Threat: Man-in-the-Middle (MITM) Attack on SSH Connection

  • Description: An attacker intercepts the SSH connection between the machine running Kamal and the target servers. The attacker can potentially inject malicious commands or steal data transmitted over the connection.
    • Impact: Compromise of the deployment process, injection of malicious code into the deployed application, data exfiltration.
    • Affected Kamal Component: Kamal's SSH connection mechanism (all commands interacting with remote servers).
    • Risk Severity: High
    • Mitigation Strategies:
      • Ensure SSH host key verification is enabled and not bypassed. Kamal does this by default, but it's crucial to verify this behavior.
      • Deploy from a trusted network. Avoid deploying over public Wi-Fi or untrusted networks.
      • Use a VPN or other secure tunnel for the deployment connection.

Threat: Exploitation of Vulnerable Base Docker Image

  • Description: The Docker image specified in kamal.yml (the image: directive) contains known vulnerabilities. An attacker exploits these vulnerabilities to gain control of the running container.
    • Impact: Container compromise, potential for privilege escalation to the host, data breaches, denial of service.
    • Affected Kamal Component: The image: directive in kamal.yml, and the resulting Docker container deployed by Kamal.
    • Risk Severity: High
    • Mitigation Strategies:
      • Use official, well-maintained base images from trusted registries.
      • Regularly update base images to the latest versions (e.g., using Dependabot or similar tools).
      • Use a vulnerability scanner (e.g., Trivy, Clair, Snyk) to scan Docker images for vulnerabilities before deployment.

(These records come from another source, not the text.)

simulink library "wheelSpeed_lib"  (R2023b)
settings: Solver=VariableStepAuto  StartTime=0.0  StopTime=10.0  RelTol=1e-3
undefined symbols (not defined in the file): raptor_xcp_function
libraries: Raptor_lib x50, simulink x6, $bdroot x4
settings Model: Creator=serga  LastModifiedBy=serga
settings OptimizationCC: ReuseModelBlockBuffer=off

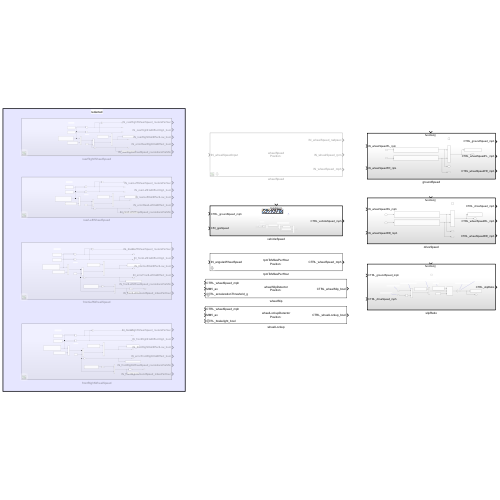
[thumbnail: Simulink's stored preview of the top-level diagram]
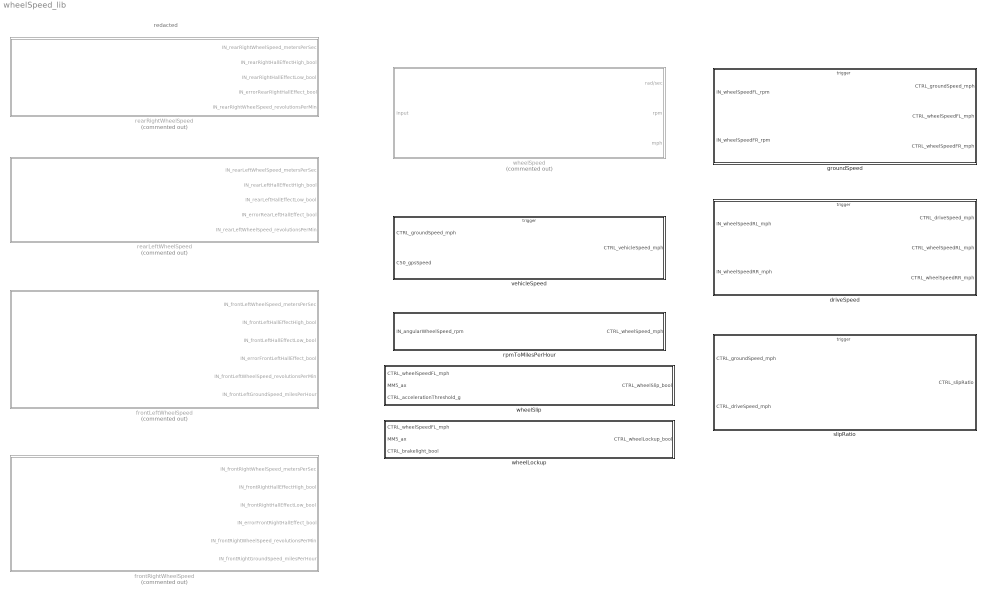
== system wheelSpeed_lib ==
  note: redacted
  driveSpeed : Subsystem  TreatAsAtomicUnit=on
  frontLeftWheelSpeed : Subsystem  Commented=on
  frontRightWheelSpeed : Subsystem  Commented=on
  groundSpeed : Subsystem  TreatAsAtomicUnit=on
  rearLeftWheelSpeed : Subsystem  Commented=on
  rearRightWheelSpeed : Subsystem  Commented=on
  rpmToMilesPerHour : Subsystem  mask{pos=''}
      mask prompts: pos "Position"
      mask Display:
      | disp(['rpmToMilesPerHour\n' ...
      |     'Position: ' pos]);
      | port_label('input', 1, ['IN_angularWheelSpeed' pos]);
      | port_label('output', 1, ['CTRL_wheelSpeed' pos '_mph']);
  slipRatio : Subsystem  TreatAsAtomicUnit=on
  vehicleSpeed : Subsystem
  wheelLockup : Subsystem  mask{pos=''}
      mask prompts: pos "Position"
      mask Display:
      | disp(['wheelLockupDetector\n' ...
      |     'Position: ' pos]);
      | port_label('input', 1, ['CTRL_wheelSpeed' pos '_mph']);
      | port_label('input', 2, 'MM5_ax');
      | port_label('input', 3, 'CTRL_brakelight_bool');
      | port_label('output', 1, ['CTRL_wheelLockup' pos '_bool']);
  wheelSlip : Subsystem  mask{pos=''}
      mask prompts: pos "Position"
      mask Display:
      | disp(['wheelSlipDetector\n' ...
      |     'Position: ' pos]);
      | port_label('input', 1, ['CTRL_wheelSpeed' pos '_mph']);
      | port_label('input', 2, 'MM5_ax');
      | port_label('input', 3, 'CTRL_accelerationThreshold_g');
      | port_label('output', 1, ['CTRL_wheelSlip' pos '_bool']);
  wheelSpeed : Subsystem  Commented=on  mask{pos=''}
      mask prompts: pos "Position"
      mask Display:
      | disp(['wheelSpeed\n' ...
      |     'Position: ' pos]);
      | port_label('input', 1, ['IN_wheelSpeedInput' pos]);
      | port_label('output', 1, ['IN_wheelSpeed' pos '_radpsec']);
      | port_label('output', 2, ['IN_wheelSpeed' pos '_rpm']);
      | port_label('output', 3, ['IN_wheelSpeed' pos '_mph']);

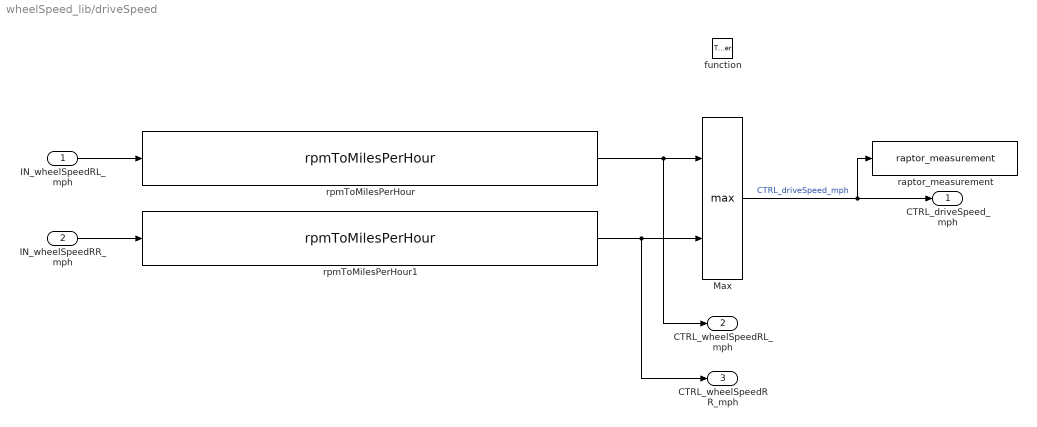
== system wheelSpeed_lib/driveSpeed ==
  IN_wheelSpeedRL_mph : Inport
  IN_wheelSpeedRR_mph : Inport  Port=2
  function : TriggerPort  TriggerType=function-call  VariantControl=(inherit)
  Max : MinMax  Function=max  Inputs=2
  raptor_measurement : Raptor_lib/Data Storage/raptor_measurement  paramName='DataName'  nameSource=Input Wire  calDispType=Number  calEnum={'False', 'True'}  calGain=1.0  calOffset=0.0  calMax=inf  calMin=-inf  calFormat='-1'  calUnit=''  calHelp=''  calAccess=1  calFunction=raptor_xcp_function(gcb)  calVisible=on
      settings: SourceProductName=Raptor
  rpmToMilesPerHour : $bdroot/rpmToMilesPerHour  pos='RL'
  rpmToMilesPerHour1 : $bdroot/rpmToMilesPerHour  pos='RR'
  CTRL_driveSpeed_mph : Outport
  CTRL_wheelSpeedRL_mph : Outport  Port=2
  CTRL_wheelSpeedRR_mph : Outport  Port=3
  wires:
  Max/1 -> raptor_measurement/1, CTRL_driveSpeed_mph/1  "CTRL_driveSpeed_mph"
  rpmToMilesPerHour/1 -> CTRL_wheelSpeedRL_mph/1, Max/1
  IN_wheelSpeedRL_mph/1 -> rpmToMilesPerHour/1
  rpmToMilesPerHour1/1 -> CTRL_wheelSpeedRR_mph/1, Max/2
  IN_wheelSpeedRR_mph/1 -> rpmToMilesPerHour1/1

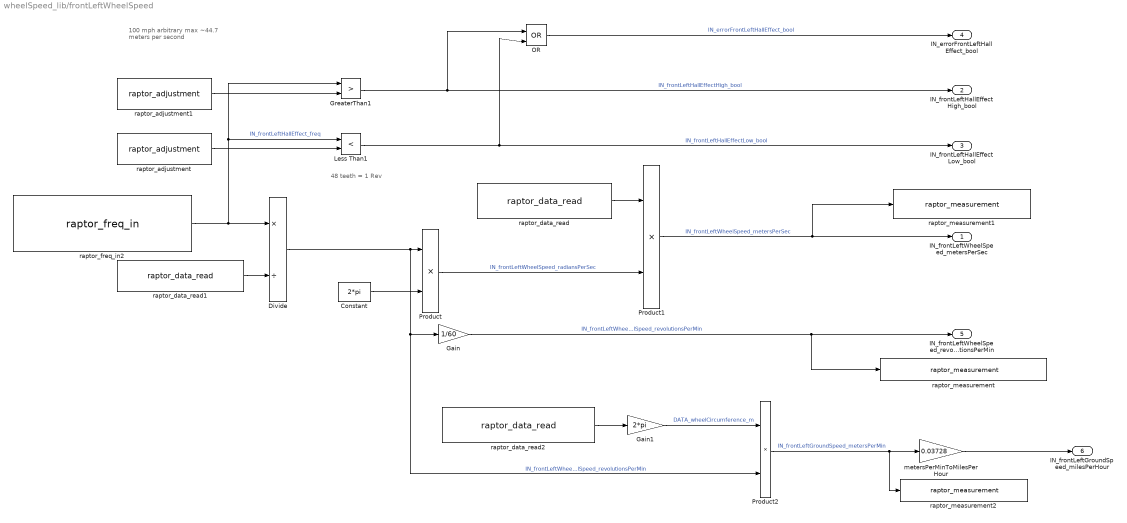
== system wheelSpeed_lib/frontLeftWheelSpeed ==
  note: 48 teeth = 1 Rev
  note: 100 mph arbitrary max
      | ~44.7 meters per second
  Constant : Constant  Value=2*pi
  Divide : Product  Inputs=*/
  Gain : Gain  Gain=1/60
  Gain1 : Gain  Gain=2*pi
  GreaterThan1 : RelationalOperator  Operator=>  OutDataTypeStr=boolean  RndMeth=Simplest  InputSameDT=off
  Less Than1 : RelationalOperator  Operator=<  OutDataTypeStr=boolean  RndMeth=Simplest  InputSameDT=off
  OR : Logic  Operator=OR  IconShape=distinctive  AllPortsSameDT=off  OutDataTypeStr=boolean
  Product : Product
  Product1 : Product
  Product2 : Product
  metersPerMinToMilesPerHour : Gain  Gain=0.03728
  raptor_adjustment : Raptor_lib/Data Storage/raptor_adjustment  paramName='IN_frontLeftHallEffectLow_freq'  nameSource=Parameter  initValue=0  dataType=single  storage=Calibration  calDispType=Number  calEnum={'False', 'True'}  calGain=1.0  calOffset=0.0  calMax=inf  calMin=-inf  calFormat='-1'  calUnit=''  calHelp=''  calAccess=1  calFunction=raptor_xcp_function(gcb)  calDispHeaders=off  calColHeaders={'Col1' 'Col2' 'Col3'}  calRowHeaders={'Row1' 'Row2' 'Row3'}
      settings: SourceProductName=Raptor
  raptor_adjustment1 : Raptor_lib/Data Storage/raptor_adjustment  paramName='IN_frontLeftHallEffectHigh_freq'  nameSource=Parameter  initValue=1680  dataType=single  storage=Calibration  calDispType=Number  calEnum={'False', 'True'}  calGain=1.0  calOffset=0.0  calMax=inf  calMin=-inf  calFormat='-1'  calUnit=''  calHelp=''  calAccess=1  calFunction=raptor_xcp_function(gcb)  calDispHeaders=off  calColHeaders={'Col1' 'Col2' 'Col3'}  calRowHeaders={'Row1' 'Row2' 'Row3'}
      settings: SourceProductName=Raptor
  raptor_data_read : Raptor_lib/Data Storage/raptor_data_read  dataName='DATA_unloadedWheelRadius_m'  dataShape=Scalar  idxSource=Input  idxRow=1  idxCol=1
      settings: SourceProductName=Raptor
  raptor_data_read1 : Raptor_lib/Data Storage/raptor_data_read  dataName='DATA_wheelTooth_ct'  dataShape=Scalar  idxSource=Input  idxRow=1  idxCol=1
      settings: SourceProductName=Raptor
  raptor_data_read2 : Raptor_lib/Data Storage/raptor_data_read  dataName='DATA_unloadedWheelRadius_m'  dataShape=Scalar  idxSource=Input  idxRow=1  idxCol=1
      settings: SourceProductName=Raptor
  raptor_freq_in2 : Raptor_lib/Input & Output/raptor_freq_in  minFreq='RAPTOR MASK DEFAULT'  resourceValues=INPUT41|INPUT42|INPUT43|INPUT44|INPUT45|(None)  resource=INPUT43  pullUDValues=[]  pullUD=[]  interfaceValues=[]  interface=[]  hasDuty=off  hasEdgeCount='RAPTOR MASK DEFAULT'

Integrate this into the CI/CD pipeline.
      • Use minimal base images (e.g., Alpine Linux) to reduce the attack surface.

Threat: Docker Socket Exposure Leading to Host Compromise

  • Description: The Docker socket (/var/run/docker.sock) is mounted inside the application container (often unintentionally). An attacker who compromises the container can use the Docker socket to gain root access to the host machine.
    • Impact: Complete host compromise, allowing the attacker to control the entire server and potentially other containers.
    • Affected Kamal Component: The volumes: directive in kamal.yml (if misconfigured to mount the Docker socket), and the resulting Docker container. This is not a default behavior of Kamal, but a potential misconfiguration.
    • Risk Severity: Critical
    • Mitigation Strategies:
      • Avoid mounting the Docker socket into the container unless absolutely necessary.
      • If the Docker socket must be mounted, use extreme caution and ensure the application running in the container is highly trusted and runs with minimal privileges.
      • Use Docker's security features (user namespaces, seccomp profiles, AppArmor/SELinux) to limit the container's capabilities.

Threat: Insecure CI/CD Pipeline Compromising Kamal Deployments

  • Description: The CI/CD pipeline that triggers Kamal deployments is compromised. An attacker can inject malicious code or modify the kamal.yml file before deployment.
    • Impact: Deployment of a compromised application, unauthorized access to infrastructure, data breaches.
    • Affected Kamal Component: Indirectly affects all Kamal deployments, as the CI/CD pipeline is the entry point.
    • Risk Severity: High
    • Mitigation Strategies:
      • Secure the CI/CD pipeline itself (strong authentication, access controls, vulnerability scanning).
      • Use signed commits and verify signatures before deploying.
      • Implement least privilege access for the CI/CD system's credentials.
      • Regularly audit the CI/CD pipeline's configuration and security.